Das angebliche Wundermittel entpuppte sich als Flop

Bisher aber gibt es den Stoff nicht. Hydroxychloroquin, ein Rheuma- und Malariamittel, wurde im März 2020 fälschlicherweise als solcher gefeiert. Die antivirale Wirkung, so hieß es zunächst, sei bemerkenswert. Der US-Präsident Donald Trump tat so, als sei es ein Wundermittel. Es sei einer der größten Durchbrüche der Medizingeschichte, sagte er. Dann löste sich die Hoffnung auf. Es konnte nicht nur keine positive Wirkung festgestellt werden, die Gabe entpuppte sich gar als gefährlich. Lesen Sie hier: Dexamethason: Durchbruch bei der Behandlung von Covid-19?

„Hydroxychloroquin ist ein gutes Beispiel, bei dem man zu schnell und die Hoffnung zu groß war. Wir sollten wirklich schauen, dass vernünftige Studien gemacht und diese dann auch vernünftig ausgewertet werden“, sagt Prof.
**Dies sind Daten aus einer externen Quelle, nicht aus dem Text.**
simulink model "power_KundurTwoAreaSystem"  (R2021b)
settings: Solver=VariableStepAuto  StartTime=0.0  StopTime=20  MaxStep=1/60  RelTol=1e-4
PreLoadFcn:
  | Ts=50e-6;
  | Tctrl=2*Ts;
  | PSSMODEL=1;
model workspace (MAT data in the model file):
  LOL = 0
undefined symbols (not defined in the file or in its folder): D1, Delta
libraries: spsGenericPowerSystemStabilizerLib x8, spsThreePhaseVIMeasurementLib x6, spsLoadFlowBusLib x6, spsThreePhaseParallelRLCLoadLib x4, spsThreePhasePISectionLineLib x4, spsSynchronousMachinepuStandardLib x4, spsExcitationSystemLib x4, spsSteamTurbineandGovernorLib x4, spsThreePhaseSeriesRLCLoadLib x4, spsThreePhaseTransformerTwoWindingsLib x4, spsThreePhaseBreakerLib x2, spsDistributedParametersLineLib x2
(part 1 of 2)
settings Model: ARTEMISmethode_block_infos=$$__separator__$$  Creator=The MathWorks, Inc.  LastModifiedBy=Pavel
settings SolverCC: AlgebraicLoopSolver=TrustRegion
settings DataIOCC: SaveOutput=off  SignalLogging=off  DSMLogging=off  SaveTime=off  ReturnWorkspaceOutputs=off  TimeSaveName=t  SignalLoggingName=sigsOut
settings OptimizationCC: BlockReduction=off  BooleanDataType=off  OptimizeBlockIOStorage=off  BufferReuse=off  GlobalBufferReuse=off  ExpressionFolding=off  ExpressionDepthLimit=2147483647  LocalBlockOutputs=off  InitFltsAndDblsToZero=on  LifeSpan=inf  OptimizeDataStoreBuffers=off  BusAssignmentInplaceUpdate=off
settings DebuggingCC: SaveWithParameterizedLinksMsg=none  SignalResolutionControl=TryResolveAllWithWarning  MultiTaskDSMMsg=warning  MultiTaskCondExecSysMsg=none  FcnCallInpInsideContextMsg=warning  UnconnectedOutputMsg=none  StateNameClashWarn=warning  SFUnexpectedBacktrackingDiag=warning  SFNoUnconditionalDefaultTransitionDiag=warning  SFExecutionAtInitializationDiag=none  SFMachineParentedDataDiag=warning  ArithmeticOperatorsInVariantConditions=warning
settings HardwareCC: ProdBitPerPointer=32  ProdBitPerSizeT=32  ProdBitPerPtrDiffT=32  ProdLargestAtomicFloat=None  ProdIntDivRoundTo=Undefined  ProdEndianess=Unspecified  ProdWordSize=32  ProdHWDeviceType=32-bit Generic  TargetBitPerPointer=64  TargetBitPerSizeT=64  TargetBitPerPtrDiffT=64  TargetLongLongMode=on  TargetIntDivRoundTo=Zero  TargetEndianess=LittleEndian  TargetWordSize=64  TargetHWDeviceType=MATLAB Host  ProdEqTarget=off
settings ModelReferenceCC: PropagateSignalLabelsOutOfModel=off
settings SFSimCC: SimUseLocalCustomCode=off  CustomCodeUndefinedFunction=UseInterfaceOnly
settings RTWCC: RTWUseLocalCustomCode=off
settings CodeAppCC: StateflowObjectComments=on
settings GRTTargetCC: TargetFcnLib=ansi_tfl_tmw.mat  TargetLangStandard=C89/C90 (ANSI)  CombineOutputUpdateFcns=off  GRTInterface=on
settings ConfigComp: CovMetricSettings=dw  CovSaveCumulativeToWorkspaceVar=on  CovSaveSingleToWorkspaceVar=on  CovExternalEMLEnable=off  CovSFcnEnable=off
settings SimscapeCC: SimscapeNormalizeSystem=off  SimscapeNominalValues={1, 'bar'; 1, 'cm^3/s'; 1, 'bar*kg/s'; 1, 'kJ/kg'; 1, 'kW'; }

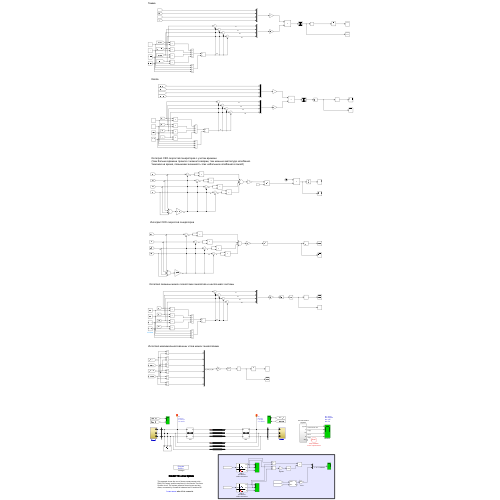
[thumbnail: Simulink's stored preview of the top-level diagram]
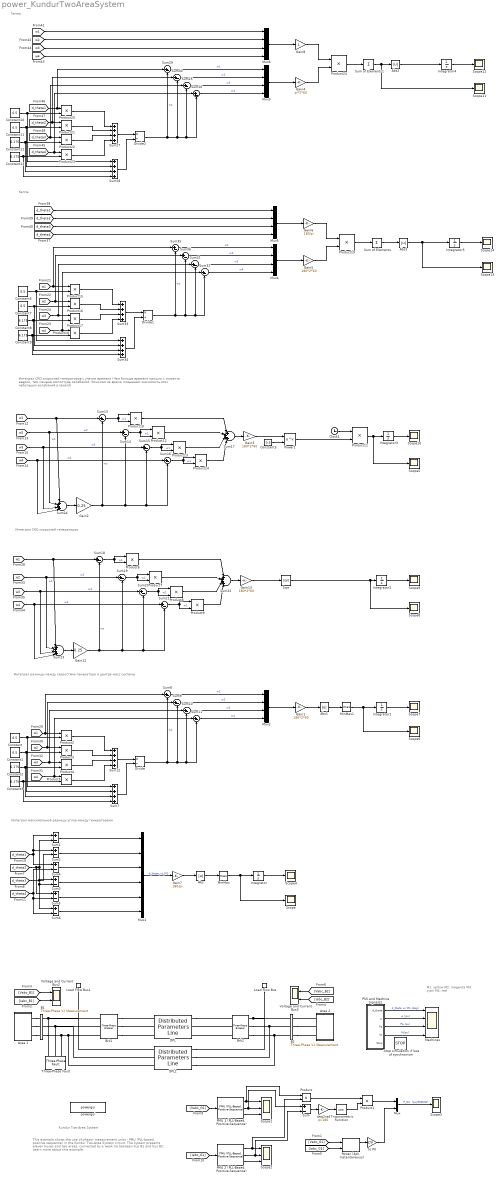
== system power_KundurTwoAreaSystem ==
  note: Интеграл максимальной разницы углов между генераторами
  note: This example shows the use of phasor measurement units - PMU (PLL-based, positive sequence) in the Kundur Two-Area System circuit. The system presents eleven buses and two areas, connected by a weak tie between bus B1 and bus B2.
      |
      | Learn more about this example.
  note: M1: yellow
      | M2: magenta
      | M3: cyan
      | M4: red
  note: Kundur Two-Area System
  note: Интеграл разницы между скоростями генератора и центра масс системы
  note: Интеграл СКО скоростей генераторов
  note: Интеграл СКО скоростей генераторов с учетом времени
      | (Чем больше времени прошло с момента аварии, тем меньше амплитуда колебаний. Умножая на время, повышаем значимость этих небольших колебаний в reward)
  note: Каппа
  note: Гамма
  " Brk2" : spsThreePhaseBreakerLib/Three-Phase Breaker  InitialState=closed  SwitchA=on  SwitchB=on  SwitchC=on  SwitchTimes=[2+12]*100  External=off  BreakerResistance=0.001  SnubberResistance=1e6  SnubberCapacitance=0  Measurements=None
      settings: AttributesFormatString=\n
  Abs{,1..3} (4 alike) : Abs  SaturateOnIntegerOverflow=on
  Area 1 : Subsystem
  Area 2 : Subsystem
  B1 : spsThreePhaseVIMeasurementLib/Three-Phase V-I Measurement  VoltageMeasurement=phase-to-ground  SetLabelV=on  LabelV=Vabc_B1  Vpu=on  VpuLL=off  CurrentMeasurement=yes  SetLabelI=on  LabelI=Iabc_B1  Ipu=off  Pbase=100e6  Vbase=230e3  OutputType=Complex  PhasorSimulation=off  PSBequivalent=0
  B2 : spsThreePhaseVIMeasurementLib/Three-Phase V-I Measurement  VoltageMeasurement=phase-to-ground  SetLabelV=on  LabelV=Vabc_B2  Vpu=off  VpuLL=off  CurrentMeasurement=yes  SetLabelI=on  LabelI=Iabc_B2  Ipu=off  Pbase=100e6  Vbase=500e3  OutputType=Complex  PhasorSimulation=off  PSBequivalent=0
  Brk1 : spsThreePhaseBreakerLib/Three-Phase Breaker  InitialState=closed  SwitchA=off  SwitchB=off  SwitchC=off  SwitchTimes=[2+12]  External=off  BreakerResistance=0.001  SnubberResistance=inf  SnubberCapacitance=0  Measurements=None
      settings: AttributesFormatString=\n
  Clock1 : Clock
  Constant{,1,6..7,10..11} (6 alike) : Constant  Value=6.5
  Constant{2..3,8..9,12..13} (6 alike) : Constant  Value=6.175
  Constant5 : Constant  Value=0.5
  DPL : spsDistributedParametersLineLib/Distributed Parameters Line  Phases=3  Length=220  Frequency=60  Resistance=[0.0001*529 1.61]  Inductance=[0.001*529/(377) 0.0061]  Capacitance=[0.00175/529/(377) 5.2489e-9]  x1=[-0.00125 4.24168847071057e-05 242154.913453712 -378268.611075755;-0.0012 3.78652229655789e-05 249241.699355128 -373637.156528352;-0.00115 3.33001078906322e-05 256239.930867557 -368872.950478352;-0.0011 2.87231614459144e-05 263147.121552666 -363977.68562548;-0.00105 2.41360097987035e-05 269960.817318493 -358953.101234027;-0.001 1.95402827421377e-05 276678.597291377 -353800.982514903;-0.00095 1.49376131161569e-05 283298.074676081 -348523.159991357;-0.0009 1.03296362273631e-05 289816.897603809 -343121.5088486;-0.00085 5.71798926800358e-06 296232.749967817 -337597.948267562;-0.0008 1.10431073428398e-06 302543.352246308 -331954.440743018;-0.00075 -3.50976015578118e-06 308746.462312342 -326192.991386318;-0.0007 -8.12258404477517e-06 314839.876230449 -320315.647212985;-0.00065 -1.27325220183347e-05 320821.429039679 -314324.496415418;-0.0006 -1.73379361874485e-05 326688.9955228 -308221.667620967;-0.00055 -2.19371902703915e-05 332440.49096138 -302009.329135645;-0.0005 -2.6528650174088e-05 338073.871876476 -295689.688173734;-0.00045 -3.11106845746969e-05 343587.136754673 -289264.990073576;-0.0004 -3.56816654972136e-05 348978.326759211 -282737.517499814;-0.00035 -4.02399688938816e-05 354245.526425954 -276109.589632373;-0.0003 -4.4783975221209e-05 359386.86434394 -269383.561342464;-0.00025 -4.93120700153845e-05 364400.513820286 -262561.822355911;-0.0002 -5.38226444658888e-05 369284.693529209 -255646.796404095;-0.00015 -5.83140959870971e-05 374037.668144913 -248640.940362808;-0.0001 -6.27848287876708e-05 378657.74895815 -241546.743379344;-5e-05 -6.72332544375335e-05 383143.294476206 -234366.72598811]  x2=[-0.00125 0.000104496170581926 -84178.9423133657 -331460.289661515;-0.0012 0.000103951893551609 -77916.4724740299 -332988.025993747;-0.00115 0.000103370682908492 -71626.3192830326 -334397.453265906;-0.0011 0.00010275274515395 -65310.7176018511 -335688.070715193;-0.00105 0.000102098299838323 -58971.9113336904 -336859.419791372;-0.001 0.000101407579482918 -52612.1526262346 -337911.084319696;-0.00095 0.000100680829497386 -46233.7010714696 -338842.690648764;-0.0009 9.9918308092537e-05 -39838.8229028612 -339653.907783284;-0.00085 9.91202861885959e-05 -33429.7901901726 -340344.447501671;-0.0008 9.8287047318945e-05 -27008.8800322094 -340914.064458451;-0.00075 9.7418887529387e-05 -20578.3737477767 -341362.556271432;-0.0007 9.65161152729613e-05 -14140.5560651377 -341689.763593607;-0.00065 9.5579051300352e-05 -7697.71431026073 -341895.570169774;-0.0006 9.46080285459267e-05 -1252.13759414292 -341979.902877835;-0.00055 9.36033920094462e-05 5193.88400049989 -341942.731754782;-0.0005 9.25654986334885e-05 11638.0602328886 -341784.070007336;-0.00045 9.14947171766277e-05 18078.1015178926 -341503.974007263;-0.0004 9.0391428082417e-05 24511.7197395083 -341102.543271336;-0.00035 8.92560233442181e-05 30936.629063816 -340579.920425984;-0.0003 8.80889063659281e-05 37350.5467511257 -339936.291156617;-0.00025 8.6890491818652e-05 43751.1939670238 -339171.884141649;-0.0002 8.5661205493372e-05 50136.2965920319 -338286.970971252;-0.00015 8.44014841496662e-05 56503.5860295907 -337281.866050863;-0.0001 8.31117753605297e-05 62850.8000120818 -336156.926489473;-5e-05 8.1792537353354e-05 69175.6834046 -334912.551972752]  x3=[-0.00125 -1.30073036814727e-07 581.32351976172 1802.01651045561;-0.0012 -1.28650380987693e-07 547.255027379994 1812.65326992482;-0.00115 -1.27182016292879e-07 512.992097892859 1822.64600231838;-0.0011 -1.25668464433268e-07 478.546904756015 1831.99115726607;-0.00105 -1.24110263166629e-07 443.931686182569 1840.68541447882;-0.001 -1.22507966114453e-07 409.158740794855 1848.72568492845;-0.00095 -1.20862142565252e-07 374.240423254795 1856.10911194515;-0.0009 -1.19173377272298e-07 339.189139874342 1862.83307223245;-0.00085 -1.17442270245856e-07 304.017344207581 1868.89517679929;-0.0008 -1.15669436540012e-07 268.737532626037 1874.29327180878;-0.00075 -1.13855506034138e-07 233.362239878777 1879.02543934347;-0.0007 -1.12001123209107e-07 197.904034638869 1883.08999808676;-0.00065 -1.10106946918306e-07 162.375515037798 1886.48550392028;-0.0006 -1.08173650153553e-07 126.789304189405 1889.21075043698;-0.00055 -1.06201919805981e-07 91.1580457049546 1891.26476936975;-0.0005 -1.04192456421996e-07 55.4943992009252 1892.64683093545;-0.00045 -1.02145973954368e-07 19.811035801103 1893.35644409418;-0.0004 -1.00063199508575e-07 -15.8793663654067 1893.39335672376;-0.00035 -9.79448730844584e-08 -51.5641266686583 1892.75755570931;-0.0003 -9.57917473133114e-08 -87.2305664832333 1891.4492669479;-0.00025 -9.36045871904677e-08 -122.866013692895 1889.46895526831;-0.0002 -9.13841698035045e-08 -158.457807192933 1886.81732426584;-0.00015 -8.91312840561466e-08 -193.993301388591 1883.49531605237;-0.0001 -8.68467303879727e-08 -229.459870687988 1879.50411092158;-5e-05 -8.45313204900229e-08 -264.844913987929 1874.84512692967]  x4=[-0.00125 2.86918544594886e-07 -451.193099671548 -3595.35316184637;-0.0012 2.82321210867361e-07 -383.346048401822 -3603.21848238076;-0.00115 2.7762356975792e-07 -315.362796106445 -3609.80359654552;-0.0011 2.72827290316081e-07 -247.26749691125 -3615.10616468092;-0.00105 2.67934076637092e-07 -179.084344751795 -3619.12430280977;-0.001 2.62945667256474e-07 -110.837564777381 -3621.85658330673;-0.00095 2.57863834532326e-07 -42.551404743968 -3623.30203540552;-0.0009 2.52690384015618e-07 25.7498736009369 -3623.46014554392;-0.00085 2.47427153808685e-07 94.0420031383625 -3622.33085754614;-0.0008 2.42076013912157e-07 162.300719999866 -3619.91457264283;-0.00075 2.36638865560559e-07 230.501772188366 -3616.21214932852;-0.0007 2.31117640546812e-07 298.62092819477 -3611.22490305656;-0.00065 2.25514300535872e-07 366.633985607305 -3604.95460577182;-0.0006 2.19830836367765e-07 434.516779710524 -3597.40348528107;-0.00055 2.14069267350247e-07 502.245192070916 -3588.57422446146;-0.0005 2.08231640541355e-07 569.795159106064 -3578.46996030732;-0.00045 2.02320030022099e-07 637.142680634329 -3567.09428281559;-0.0004 1.96336536159546e-07 704.263828401995 -3554.45123371032;-0.00035 1.90283284860576e-07 771.134754584864 -3540.54530500664;-0.0003 1.8416242681655e-07 837.731700261279 -3525.38143741482;-0.00025 1.77976136739188e-07 904.03100385355 -3508.96501858481;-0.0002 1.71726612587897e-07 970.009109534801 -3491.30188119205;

Jörg Meerpohl, Direktor des Instituts für Evidenz in der Medizin am Universitätsklinikum Freiburg.

Ob Avigan mehr verbreiten kann als einen Hoffnungsschimmer, muss sich zeigen: Die jetzt gestartete neue Studie, so berichtet die Tagesschau, dient der Überprüfung der Wirksamkeit bei Covid-19-Patienten, die älter als 50 Jahre sind oder ein hohes Risiko für einen schweren Verlauf haben. Die Studie werde doppelblind durchgeführt.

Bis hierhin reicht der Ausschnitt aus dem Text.